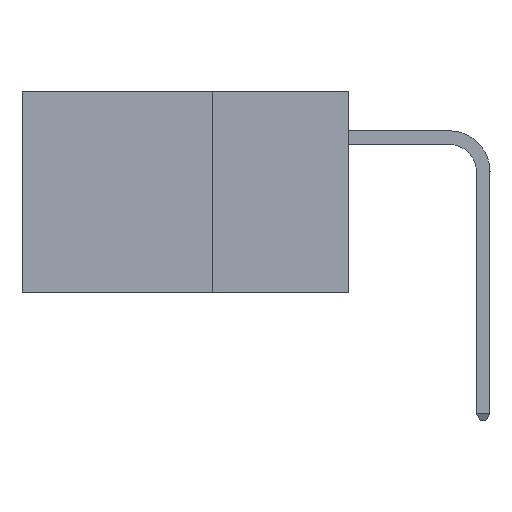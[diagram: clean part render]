
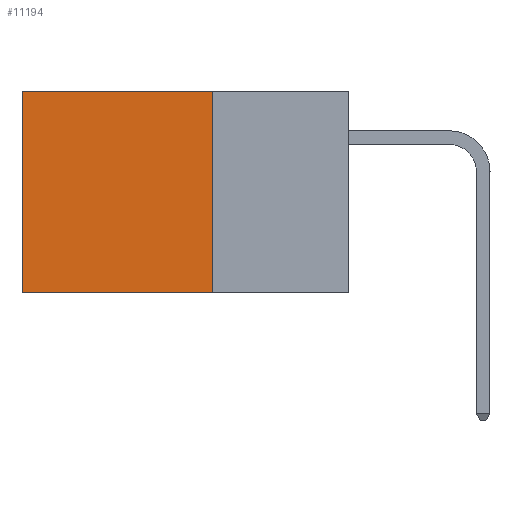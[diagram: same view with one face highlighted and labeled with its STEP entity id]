
A CAD part, left-side view. The second image highlights one B-rep face of the part: STEP entity #11194.
In plain terms, the highlighted planar face has unit normal (-1, 0, 0).
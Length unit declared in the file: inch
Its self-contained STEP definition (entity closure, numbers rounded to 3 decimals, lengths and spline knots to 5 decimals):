
#3917 = DIRECTION ( 'NONE',  ( 0., 1., 0. ) ) ;
#6001 = EDGE_LOOP ( 'NONE', ( #7140, #16275, #36583, #18948 ) ) ;
#6599 = EDGE_CURVE ( 'NONE', #37249, #33694, #40707, .T. ) ;
#7140 = ORIENTED_EDGE ( 'NONE', *, *, #25145, .T. ) ;
#7444 = CARTESIAN_POINT ( 'NONE',  ( 0.2875, 0.25, 0. ) ) ;
#8513 = DIRECTION ( 'NONE',  ( 0., 0., -1. ) ) ;
#11194 = ADVANCED_FACE ( 'NONE', ( #13388 ), #34612, .F. ) ;
#11279 = VERTEX_POINT ( 'NONE', #33226 ) ;
#11938 = CARTESIAN_POINT ( 'NONE',  ( 0.2875, 0.25, 0. ) ) ;
#12115 = DIRECTION ( 'NONE',  ( 0., 1., 0. ) ) ;
#13388 = FACE_OUTER_BOUND ( 'NONE', #6001, .T. ) ;
#13897 = VECTOR ( 'NONE', #12115, 39.37008 ) ;
#15946 = LINE ( 'NONE', #41899, #13897 ) ;
#16275 = ORIENTED_EDGE ( 'NONE', *, *, #38862, .F. ) ;
#17880 = CARTESIAN_POINT ( 'NONE',  ( 0.2875, 0.25, -0.37 ) ) ;
#17897 = LINE ( 'NONE', #39249, #27000 ) ;
#18618 = LINE ( 'NONE', #30866, #38990 ) ;
#18948 = ORIENTED_EDGE ( 'NONE', *, *, #32463, .T. ) ;
#21349 = VECTOR ( 'NONE', #22927, 39.37008 ) ;
#22927 = DIRECTION ( 'NONE',  ( 0., 0., -1. ) ) ;
#25145 = EDGE_CURVE ( 'NONE', #30783, #11279, #18618, .T. ) ;
#27000 = VECTOR ( 'NONE', #3917, 39.37008 ) ;
#28437 = DIRECTION ( 'NONE',  ( 1., 0., 0. ) ) ;
#29740 = CARTESIAN_POINT ( 'NONE',  ( 0.2875, 0.6, 0. ) ) ;
#30783 = VERTEX_POINT ( 'NONE', #29740 ) ;
#30866 = CARTESIAN_POINT ( 'NONE',  ( 0.2875, 0.6, 0. ) ) ;
#31720 = AXIS2_PLACEMENT_3D ( 'NONE', #11938, #28437, #41444 ) ;
#32463 = EDGE_CURVE ( 'NONE', #37249, #30783, #15946, .T. ) ;
#33226 = CARTESIAN_POINT ( 'NONE',  ( 0.2875, 0.6, -0.37 ) ) ;
#33694 = VERTEX_POINT ( 'NONE', #17880 ) ;
#34612 = PLANE ( 'NONE',  #31720 ) ;
#35350 = CARTESIAN_POINT ( 'NONE',  ( 0.2875, 0.25, 0. ) ) ;
#36583 = ORIENTED_EDGE ( 'NONE', *, *, #6599, .F. ) ;
#37249 = VERTEX_POINT ( 'NONE', #7444 ) ;
#38862 = EDGE_CURVE ( 'NONE', #33694, #11279, #17897, .T. ) ;
#38990 = VECTOR ( 'NONE', #8513, 39.37008 ) ;
#39249 = CARTESIAN_POINT ( 'NONE',  ( 0.2875, 0.25, -0.37 ) ) ;
#40707 = LINE ( 'NONE', #35350, #21349 ) ;
#41444 = DIRECTION ( 'NONE',  ( 0., 0., -1. ) ) ;
#41899 = CARTESIAN_POINT ( 'NONE',  ( 0.2875, 0.25, 0. ) ) ;
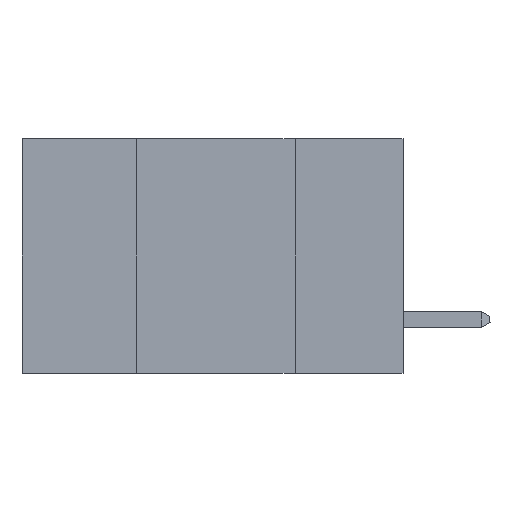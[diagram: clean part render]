
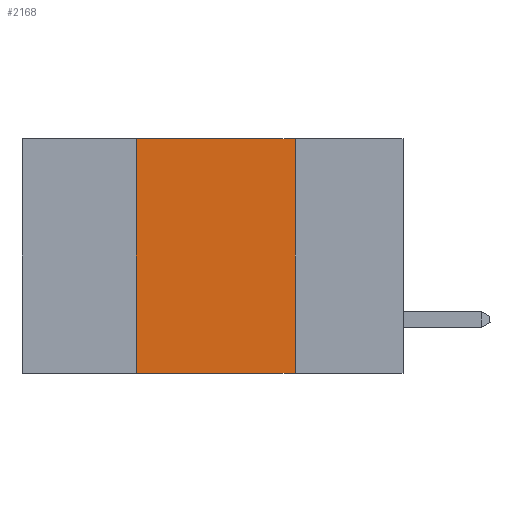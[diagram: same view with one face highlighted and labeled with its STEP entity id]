
A CAD part, left-side view. The second image highlights one B-rep face of the part: STEP entity #2168.
In plain terms, the highlighted planar face has unit normal (-1, 0, 0).
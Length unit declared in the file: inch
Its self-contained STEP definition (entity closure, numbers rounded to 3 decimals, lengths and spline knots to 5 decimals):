
#508 = CARTESIAN_POINT ( 'NONE',  ( 0., 0.6, -0.37 ) ) ;
#1097 = VECTOR ( 'NONE', #11702, 39.37008 ) ;
#1574 = EDGE_CURVE ( 'NONE', #12710, #5066, #13811, .T. ) ;
#1787 = VECTOR ( 'NONE', #10282, 39.37008 ) ;
#2004 = CARTESIAN_POINT ( 'NONE',  ( 0., 0.17, 0. ) ) ;
#2168 = ADVANCED_FACE ( 'NONE', ( #6806 ), #8949, .F. ) ;
#2214 = EDGE_CURVE ( 'NONE', #12710, #4637, #5405, .T. ) ;
#2310 = CARTESIAN_POINT ( 'NONE',  ( 0., 0.6, 0. ) ) ;
#3110 = EDGE_LOOP ( 'NONE', ( #3634, #11575, #10494, #10154 ) ) ;
#3248 = DIRECTION ( 'NONE',  ( 1., 0., 0. ) ) ;
#3261 = CARTESIAN_POINT ( 'NONE',  ( 0., 0.17, -0.37 ) ) ;
#3302 = DIRECTION ( 'NONE',  ( 0., -1., 0. ) ) ;
#3634 = ORIENTED_EDGE ( 'NONE', *, *, #4550, .F. ) ;
#4550 = EDGE_CURVE ( 'NONE', #7067, #5066, #8942, .T. ) ;
#4637 = VERTEX_POINT ( 'NONE', #5759 ) ;
#4753 = AXIS2_PLACEMENT_3D ( 'NONE', #2310, #3248, #11061 ) ;
#4857 = LINE ( 'NONE', #7842, #12523 ) ;
#5066 = VERTEX_POINT ( 'NONE', #3261 ) ;
#5405 = LINE ( 'NONE', #12357, #1787 ) ;
#5759 = CARTESIAN_POINT ( 'NONE',  ( 0., 0.42, 0. ) ) ;
#6806 = FACE_OUTER_BOUND ( 'NONE', #3110, .T. ) ;
#7037 = EDGE_CURVE ( 'NONE', #4637, #7067, #4857, .T. ) ;
#7067 = VERTEX_POINT ( 'NONE', #13289 ) ;
#7717 = DIRECTION ( 'NONE',  ( 0., 0., -1. ) ) ;
#7842 = CARTESIAN_POINT ( 'NONE',  ( 0., 0.6, 0. ) ) ;
#8942 = LINE ( 'NONE', #2004, #12775 ) ;
#8949 = PLANE ( 'NONE',  #4753 ) ;
#10118 = CARTESIAN_POINT ( 'NONE',  ( 0., 0.42, -0.37 ) ) ;
#10154 = ORIENTED_EDGE ( 'NONE', *, *, #1574, .T. ) ;
#10282 = DIRECTION ( 'NONE',  ( 0., 0., 1. ) ) ;
#10494 = ORIENTED_EDGE ( 'NONE', *, *, #2214, .F. ) ;
#11061 = DIRECTION ( 'NONE',  ( 0., 0., -1. ) ) ;
#11575 = ORIENTED_EDGE ( 'NONE', *, *, #7037, .F. ) ;
#11702 = DIRECTION ( 'NONE',  ( 0., -1., 0. ) ) ;
#12357 = CARTESIAN_POINT ( 'NONE',  ( 0., 0.42, 0. ) ) ;
#12523 = VECTOR ( 'NONE', #3302, 39.37008 ) ;
#12710 = VERTEX_POINT ( 'NONE', #10118 ) ;
#12775 = VECTOR ( 'NONE', #7717, 39.37008 ) ;
#13289 = CARTESIAN_POINT ( 'NONE',  ( 0., 0.17, 0. ) ) ;
#13811 = LINE ( 'NONE', #508, #1097 ) ;
┄┄┄┄┄┄┄┄┄┄
Where a record above contains a picture, leave the picture out and transcribe everything else exactly.

◆ **TASK OUTPUT**:
[diagram: clean part render]
[diagram: same view with one face highlighted and labeled with its STEP entity id]
A CAD part, left-side view. The second image highlights one B-rep face of the part: STEP entity #11194.
In plain terms, the highlighted planar face has unit normal (-1, 0, 0).
Length unit declared in the file: inch
Its self-contained STEP definition (entity closure, numbers rounded to 3 decimals, lengths and spline knots to 5 decimals):
#3917 = DIRECTION ( 'NONE',  ( 0., 1., 0. ) ) ;
#6001 = EDGE_LOOP ( 'NONE', ( #7140, #16275, #36583, #18948 ) ) ;
#6599 = EDGE_CURVE ( 'NONE', #37249, #33694, #40707, .T. ) ;
#7140 = ORIENTED_EDGE ( 'NONE', *, *, #25145, .T. ) ;
#7444 = CARTESIAN_POINT ( 'NONE',  ( 0.2875, 0.25, 0. ) ) ;
#8513 = DIRECTION ( 'NONE',  ( 0., 0., -1. ) ) ;
#11194 = ADVANCED_FACE ( 'NONE', ( #13388 ), #34612, .F. ) ;
#11279 = VERTEX_POINT ( 'NONE', #33226 ) ;
#11938 = CARTESIAN_POINT ( 'NONE',  ( 0.2875, 0.25, 0. ) ) ;
#12115 = DIRECTION ( 'NONE',  ( 0., 1., 0. ) ) ;
#13388 = FACE_OUTER_BOUND ( 'NONE', #6001, .T. ) ;
#13897 = VECTOR ( 'NONE', #12115, 39.37008 ) ;
#15946 = LINE ( 'NONE', #41899, #13897 ) ;
#16275 = ORIENTED_EDGE ( 'NONE', *, *, #38862, .F. ) ;
#17880 = CARTESIAN_POINT ( 'NONE',  ( 0.2875, 0.25, -0.37 ) ) ;
#17897 = LINE ( 'NONE', #39249, #27000 ) ;
#18618 = LINE ( 'NONE', #30866, #38990 ) ;
#18948 = ORIENTED_EDGE ( 'NONE', *, *, #32463, .T. ) ;
#21349 = VECTOR ( 'NONE', #22927, 39.37008 ) ;
#22927 = DIRECTION ( 'NONE',  ( 0., 0., -1. ) ) ;
#25145 = EDGE_CURVE ( 'NONE', #30783, #11279, #18618, .T. ) ;
#27000 = VECTOR ( 'NONE', #3917, 39.37008 ) ;
#28437 = DIRECTION ( 'NONE',  ( 1., 0., 0. ) ) ;
#29740 = CARTESIAN_POINT ( 'NONE',  ( 0.2875, 0.6, 0. ) ) ;
#30783 = VERTEX_POINT ( 'NONE', #29740 ) ;
#30866 = CARTESIAN_POINT ( 'NONE',  ( 0.2875, 0.6, 0. ) ) ;
#31720 = AXIS2_PLACEMENT_3D ( 'NONE', #11938, #28437, #41444 ) ;
#32463 = EDGE_CURVE ( 'NONE', #37249, #30783, #15946, .T. ) ;
#33226 = CARTESIAN_POINT ( 'NONE',  ( 0.2875, 0.6, -0.37 ) ) ;
#33694 = VERTEX_POINT ( 'NONE', #17880 ) ;
#34612 = PLANE ( 'NONE',  #31720 ) ;
#35350 = CARTESIAN_POINT ( 'NONE',  ( 0.2875, 0.25, 0. ) ) ;
#36583 = ORIENTED_EDGE ( 'NONE', *, *, #6599, .F. ) ;
#37249 = VERTEX_POINT ( 'NONE', #7444 ) ;
#38862 = EDGE_CURVE ( 'NONE', #33694, #11279, #17897, .T. ) ;
#38990 = VECTOR ( 'NONE', #8513, 39.37008 ) ;
#39249 = CARTESIAN_POINT ( 'NONE',  ( 0.2875, 0.25, -0.37 ) ) ;
#40707 = LINE ( 'NONE', #35350, #21349 ) ;
#41444 = DIRECTION ( 'NONE',  ( 0., 0., -1. ) ) ;
#41899 = CARTESIAN_POINT ( 'NONE',  ( 0.2875, 0.25, 0. ) ) ;
[diagram: clean part render]
[diagram: same view with one face highlighted and labeled with its STEP entity id]
A CAD part, left-side view. The second image highlights one B-rep face of the part: STEP entity #2168.
In plain terms, the highlighted planar face has unit normal (-1, 0, 0).
Length unit declared in the file: inch
Its self-contained STEP definition (entity closure, numbers rounded to 3 decimals, lengths and spline knots to 5 decimals):
#508 = CARTESIAN_POINT ( 'NONE',  ( 0., 0.6, -0.37 ) ) ;
#1097 = VECTOR ( 'NONE', #11702, 39.37008 ) ;
#1574 = EDGE_CURVE ( 'NONE', #12710, #5066, #13811, .T. ) ;
#1787 = VECTOR ( 'NONE', #10282, 39.37008 ) ;
#2004 = CARTESIAN_POINT ( 'NONE',  ( 0., 0.17, 0. ) ) ;
#2168 = ADVANCED_FACE ( 'NONE', ( #6806 ), #8949, .F. ) ;
#2214 = EDGE_CURVE ( 'NONE', #12710, #4637, #5405, .T. ) ;
#2310 = CARTESIAN_POINT ( 'NONE',  ( 0., 0.6, 0. ) ) ;
#3110 = EDGE_LOOP ( 'NONE', ( #3634, #11575, #10494, #10154 ) ) ;
#3248 = DIRECTION ( 'NONE',  ( 1., 0., 0. ) ) ;
#3261 = CARTESIAN_POINT ( 'NONE',  ( 0., 0.17, -0.37 ) ) ;
#3302 = DIRECTION ( 'NONE',  ( 0., -1., 0. ) ) ;
#3634 = ORIENTED_EDGE ( 'NONE', *, *, #4550, .F. ) ;
#4550 = EDGE_CURVE ( 'NONE', #7067, #5066, #8942, .T. ) ;
#4637 = VERTEX_POINT ( 'NONE', #5759 ) ;
#4753 = AXIS2_PLACEMENT_3D ( 'NONE', #2310, #3248, #11061 ) ;
#4857 = LINE ( 'NONE', #7842, #12523 ) ;
#5066 = VERTEX_POINT ( 'NONE', #3261 ) ;
#5405 = LINE ( 'NONE', #12357, #1787 ) ;
#5759 = CARTESIAN_POINT ( 'NONE',  ( 0., 0.42, 0. ) ) ;
#6806 = FACE_OUTER_BOUND ( 'NONE', #3110, .T. ) ;
#7037 = EDGE_CURVE ( 'NONE', #4637, #7067, #4857, .T. ) ;
#7067 = VERTEX_POINT ( 'NONE', #13289 ) ;
#7717 = DIRECTION ( 'NONE',  ( 0., 0., -1. ) ) ;
#7842 = CARTESIAN_POINT ( 'NONE',  ( 0., 0.6, 0. ) ) ;
#8942 = LINE ( 'NONE', #2004, #12775 ) ;
#8949 = PLANE ( 'NONE',  #4753 ) ;
#10118 = CARTESIAN_POINT ( 'NONE',  ( 0., 0.42, -0.37 ) ) ;
#10154 = ORIENTED_EDGE ( 'NONE', *, *, #1574, .T. ) ;
#10282 = DIRECTION ( 'NONE',  ( 0., 0., 1. ) ) ;
#10494 = ORIENTED_EDGE ( 'NONE', *, *, #2214, .F. ) ;
#11061 = DIRECTION ( 'NONE',  ( 0., 0., -1. ) ) ;
#11575 = ORIENTED_EDGE ( 'NONE', *, *, #7037, .F. ) ;
#11702 = DIRECTION ( 'NONE',  ( 0., -1., 0. ) ) ;
#12357 = CARTESIAN_POINT ( 'NONE',  ( 0., 0.42, 0. ) ) ;
#12523 = VECTOR ( 'NONE', #3302, 39.37008 ) ;
#12710 = VERTEX_POINT ( 'NONE', #10118 ) ;
#12775 = VECTOR ( 'NONE', #7717, 39.37008 ) ;
#13289 = CARTESIAN_POINT ( 'NONE',  ( 0., 0.17, 0. ) ) ;
#13811 = LINE ( 'NONE', #508, #1097 ) ;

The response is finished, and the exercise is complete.